→ WORK TASK
Can you pull out each line of the data below that includes the word "linetype"?

→ EXCERPTED RECORDS
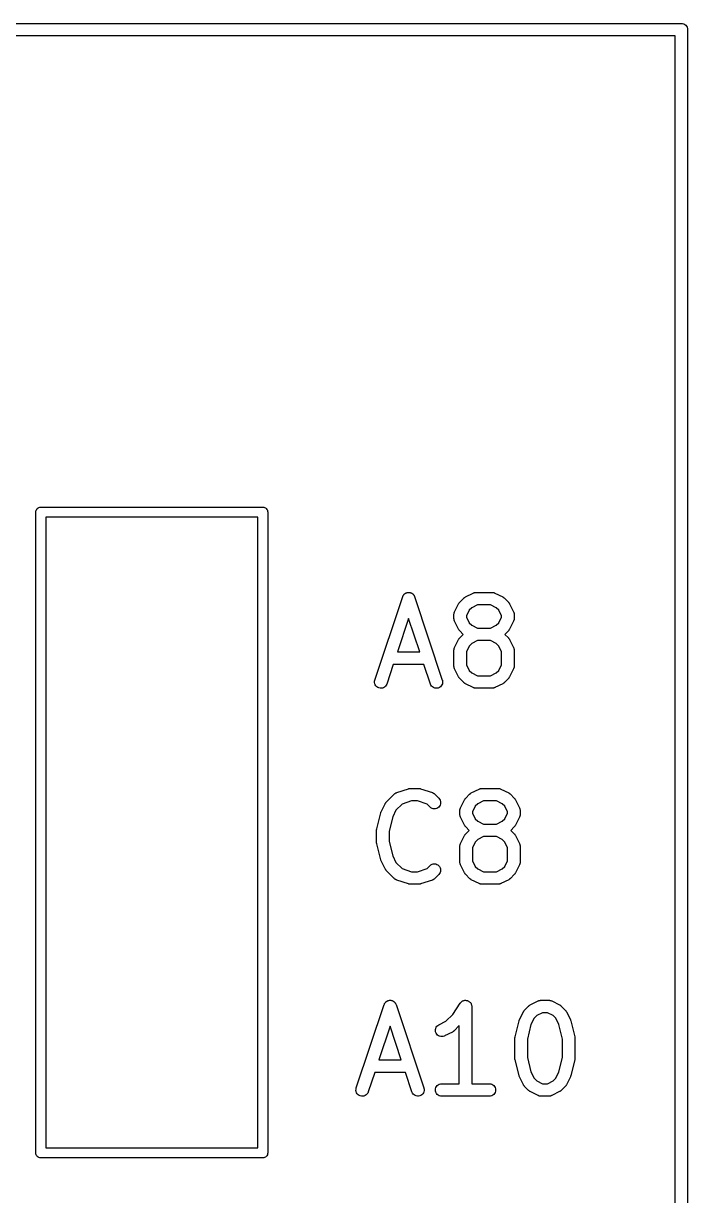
# Model space of a CAD drawing. Extents: x 108.9 to 171.3, y -114.4 to -56.8.
# Drawn here: x 163.31 to 171.27, y -70.87 to -56.82 of the extents above; entities that cross this region are included whole.
import ezdxf

# ---------------------------------------------------------------- set-up
doc = ezdxf.new("R2010")
doc.units = 0
doc.header["$MEASUREMENT"] = 0
doc.layers.add('BLACK', color=7, linetype='CONTINUOUS')

msp = doc.modelspace()

# ---------------------------------------------------------------- linework, layer by layer
at = {"layer": 'BLACK', "linetype": 'CONTINUOUS'}
for p, q in [((108.97, -56.821), (171.192, -56.821)), ((171.192, -56.821), (171.196, -56.8206)), ((171.196, -56.8206), (171.2, -56.821)), ((171.2, -56.821), (171.211, -56.8221)), ((171.211, -56.8221), (171.225, -56.8264)), ((171.225, -56.8264), (171.238, -56.8333)), ((171.238, -56.8333), (171.249, -56.8427)), ((171.249, -56.8427), (171.259, -56.8541)), ((171.259, -56.8541), (171.266, -56.8672)), ((171.266, -56.8672), (171.27, -56.8813)), ((171.27, -56.8813), (171.271, -56.896)), ((171.121, -56.971), (109.041, -56.971)), ((171.121, -114.225), (171.121, -56.971)), ((171.271, -56.896), (171.271, -56.8997)), ((171.271, -56.8997), (171.271, -114.296)), ((163.457, -62.6662), (163.46, -62.6549)), ((163.46, -62.6549), (163.466, -62.6445)), ((163.466, -62.6445), (163.473, -62.6354)), ((163.473, -62.6354), (163.483, -62.6279)), ((163.483, -62.6279), (163.493, -62.6223)), ((163.493, -62.6223), (163.504, -62.6189)), ((163.504, -62.6189), (163.513, -62.618)), ((163.513, -62.618), (163.516, -62.6177)), ((163.513, -62.618), (163.513, -62.618)), ((163.516, -62.6177), (163.519, -62.618)), ((163.519, -62.618), (166.173, -62.618)), ((166.173, -62.618), (166.176, -62.6177)), ((166.176, -62.6177), (166.179, -62.618)), ((166.179, -62.618), (166.188, -62.6189)), ((166.188, -62.6189), (166.199, -62.6223)), ((166.199, -62.6223), (166.209, -62.6279)), ((166.209, -62.6279), (166.219, -62.6354)), ((166.219, -62.6354), (166.226, -62.6445)), ((166.226, -62.6445), (166.232, -62.6549)), ((166.232, -62.6549), (166.235, -62.6662)), ((163.456, -62.678), (163.457, -62.6662)), ((163.456, -62.681), (163.456, -62.678)), ((163.456, -70.3551), (163.456, -62.681)), ((163.576, -62.738), (163.576, -70.298)), ((166.116, -62.738), (163.576, -62.738)), ((166.116, -70.298), (166.116, -62.738)), ((166.235, -62.6662), (166.236, -62.678)), ((166.236, -62.678), (166.236, -62.6809)), ((166.236, -62.6809), (166.236, -70.3551)), ((167.521, -64.6907), (167.855, -63.6907)), ((167.855, -63.6897), (167.857, -63.685)), ((167.855, -63.6907), (167.855, -63.6897)), ((167.857, -63.685), (167.859, -63.6801)), ((167.859, -63.6801), (167.86, -63.6783)), ((167.86, -63.6783), (167.861, -63.6764)), ((167.861, -63.6764), (167.864, -63.6722)), ((167.864, -63.6722), (167.867, -63.6678)), ((167.867, -63.6678), (167.868, -63.6663)), ((167.868, -63.6663), (167.87, -63.6646)), ((167.87, -63.6646), (167.874, -63.661)), ((167.874, -63.661), (167.877, -63.6573)), ((167.877, -63.6573), (167.879, -63.6561)), ((167.879, -63.6561), (167.88, -63.6546)), ((167.88, -63.6546), (167.885, -63.6519)), ((167.885, -63.6519), (167.889, -63.6489)), ((167.889, -63.6489), (167.891, -63.6481)), ((167.891, -63.6481), (167.893, -63.647)), ((167.893, -63.647), (167.898, -63.6451)), ((167.898, -63.6451), (167.903, -63.6431)), ((167.903, -63.6431), (167.905, -63.6426)), ((167.905, -63.6426), (167.907, -63.6419)), ((167.907, -63.6419), (167.912, -63.641)), ((167.912, -63.641), (167.917, -63.6399)), ((167.917, -63.6399), (167.919, -63.6399)), ((167.919, -63.6399), (167.921, -63.6395)), ((167.921, -63.6395), (167.926, -63.6397)), ((167.926, -63.6397), (167.932, -63.6396)), ((167.932, -63.6396), (167.934, -63.64)), ((167.934, -63.64), (167.936, -63.64)), ((167.936, -63.64), (167.941, -63.6412)), ((167.941, -63.6412), (167.946, -63.6421)), ((167.946, -63.6421), (167.948, -63.6429)), ((167.948, -63.6429), (167.95, -63.6434)), ((167.95, -63.6434), (167.955, -63.6455)), ((167.955, -63.6455), (167.96, -63.6474)), ((167.96, -63.6474), (167.961, -63.6486)), ((167.961, -63.6486), (167.963, -63.6495)), ((167.963, -63.6495), (167.968, -63.6525)), ((167.968, -63.6525), (167.972, -63.6553)), ((167.972, -63.6553), (167.974, -63.6567)), ((167.974, -63.6567), (167.975, -63.658)), ((167.975, -63.658), (167.979, -63.6618)), ((167.979, -63.6618), (167.983, -63.6653)), ((167.983, -63.6653), (167.984, -63.6671)), ((167.984, -63.6671), (167.985, -63.6687)), ((167.985, -63.6687), (167.988, -63.673)), ((167.988, -63.673), (167.991, -63.6773)), ((167.991, -63.6773), (167.992, -63.6793)), ((167.992, -63.6793), (167.993, -63.6811)), ((167.993, -63.6811), (167.995, -63.6859)), ((167.995, -63.6859), (167.997, -63.6907)), ((167.997, -63.6907), (168.33, -64.6907)), ((168.478, -63.8713), (168.525, -63.7761)), ((168.525, -63.7761), (168.526, -63.7751)), ((168.526, -63.7751), (168.528, -63.7716)), ((168.528, -63.7716), (168.53, -63.7679)), ((168.53, -63.7679), (168.532, -63.7655)), ((168.532, -63.7655), (168.534, -63.7629)), ((168.534, -63.7629), (168.537, -63.7598)), ((168.537, -63.7598), (168.539, -63.7566)), ((168.539, -63.7566), (168.587, -63.709)), ((168.587, -63.709), (168.588, -63.7082)), ((168.588, -63.7082), (168.591, -63.7056)), ((168.591, -63.7056), (168.594, -63.7027)), ((168.594, -63.7027), (168.597, -63.701)), ((168.597, -63.701), (168.599, -63.6991)), ((168.599, -63.6991), (168.603, -63.6972)), ((168.603, -63.6972), (168.607, -63.6949)), ((168.607, -63.6949), (168.702, -63.6473)), ((168.702, -63.6473), (168.703, -63.6468)), ((168.703, -63.6468), (168.705, -63.6461)), ((168.705, -63.6461), (168.707, -63.645)), ((168.707, -63.645), (168.712, -63.6436)), ((168.712, -63.6436), (168.716, -63.6418)), ((168.716, -63.6418), (168.719, -63.6414)), ((168.719, -63.6414), (168.721, -63.6408)), ((168.721, -63.6408), (168.726, -63.6403)), ((168.726, -63.6403), (168.731, -63.6395)), ((168.731, -63.6395), (168.733, -63.6396)), ((168.733, -63.6396), (168.735, -63.6394)), ((168.735, -63.6394), (168.926, -63.6394)), ((168.926, -63.6394), (168.927, -63.6394)), ((168.927, -63.6394), (168.929, -63.6396)), ((168.929, -63.6396), (168.931, -63.6396)), ((168.931, -63.6396), (168.936, -63.6404)), ((168.936, -63.6404), (168.941, -63.641)), ((168.941, -63.641), (168.944, -63.6417)), ((168.944, -63.6417), (168.946, -63.6421)), ((168.946, -63.6421), (168.95, -63.6439)), ((168.95, -63.6439), (168.955, -63.6454)), ((168.955, -63.6454), (168.957, -63.6465)), ((168.957, -63.6465), (168.959, -63.6473)), ((168.959, -63.6473), (169.055, -63.6949)), ((169.055, -63.6949), (169.056, -63.6954)), ((169.056, -63.6954), (169.059, -63.6977)), ((169.059, -63.6977), (169.063, -63.6997)), ((169.063, -63.6997), (169.065, -63.7017)), ((169.065, -63.7017), (169.068, -63.7034)), ((169.068, -63.7034), (169.071, -63.7063)), ((169.071, -63.7063), (169.074, -63.709)), ((169.074, -63.709), (169.122, -63.7566)), ((169.122, -63.7566), (169.122, -63.7573)), ((169.122, -63.7573), (169.125, -63.7606)), ((169.125, -63.7606), (169.128, -63.7637)), ((169.128, -63.7637), (169.13, -63.7663)), ((169.13, -63.7663), (169.132, -63.7688)), ((169.132, -63.7688), (169.134, -63.7725)), ((169.134, -63.7725), (169.136, -63.7761)), ((169.136, -63.7761), (169.183, -63.8713)), ((168.47, -63.8994), (168.471, -63.8944)), ((168.47, -63.9016), (168.47, -63.8994)), ((168.47, -63.9038), (168.47, -63.9016)), ((168.47, -63.9049), (168.47, -63.9038)), ((168.47, -63.9525), (168.47, -63.9049)), ((168.471, -63.8893), (168.472, -63.8872)), ((168.471, -63.8944), (168.471, -63.8893)), ((168.472, -63.8872), (168.473, -63.885)), ((168.473, -63.885), (168.474, -63.8802)), ((168.474, -63.8802), (168.476, -63.8753)), ((168.476, -63.8753), (168.477, -63.8734)), ((168.477, -63.8734), (168.478, -63.8713)), ((168.654, -63.854), (168.62, -63.9226)), ((168.685, -63.8236), (168.654, -63.854)), ((168.753, -63.7894), (168.685, -63.8236)), ((168.908, -63.7894), (168.753, -63.7894)), ((168.977, -63.8236), (168.908, -63.7894)), ((169.007, -63.854), (168.977, -63.8236)), ((169.041, -63.9226), (169.007, -63.854)), ((169.183, -63.8713), (169.184, -63.8723)), ((169.184, -63.8723), (169.185, -63.8743)), ((169.185, -63.8743), (169.186, -63.8763)), ((169.186, -63.8763), (169.187, -63.8812)), ((169.187, -63.8812), (169.189, -63.886)), ((169.189, -63.886), (169.189, -63.8882)), ((169.189, -63.8882), (169.19, -63.8903)), ((169.19, -63.8903), (169.19, -63.8954)), ((169.19, -63.8954), (169.191, -63.9005)), ((169.191, -63.9005), (169.191, -63.9027)), ((169.191, -63.9027), (169.191, -63.9049)), ((169.191, -63.9049), (169.191, -63.9525)), ((167.926, -63.9515), (167.792, -64.3537)), ((168.06, -64.3537), (167.926, -63.9515)), ((168.47, -63.9547), (168.47, -63.9525)), ((168.47, -63.9569), (168.47, -63.9547)), ((168.471, -63.9619), (168.47, -63.9569)), ((168.471, -63.967), (168.471, -63.9619)), ((168.472, -63.9692), (168.471, -63.967)), ((168.472, -63.9713), (168.472, -63.9692)), ((168.474, -63.9761), (168.472, -63.9713)), ((168.476, -63.9811), (168.474, -63.9761)), ((168.477, -63.983), (168.476, -63.9811)), ((168.477, -63.9851), (168.477, -63.983)), ((168.478, -63.986), (168.477, -63.9851)), ((168.525, -64.0813), (168.478, -63.986)), ((168.62, -63.9226), (168.62, -63.9348)), ((168.62, -63.9348), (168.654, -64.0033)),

→ ANSWER TO THE PROBLEM
doc.layers.add('BLACK', color=7, linetype='CONTINUOUS')
at = {"layer": 'BLACK', "linetype": 'CONTINUOUS'}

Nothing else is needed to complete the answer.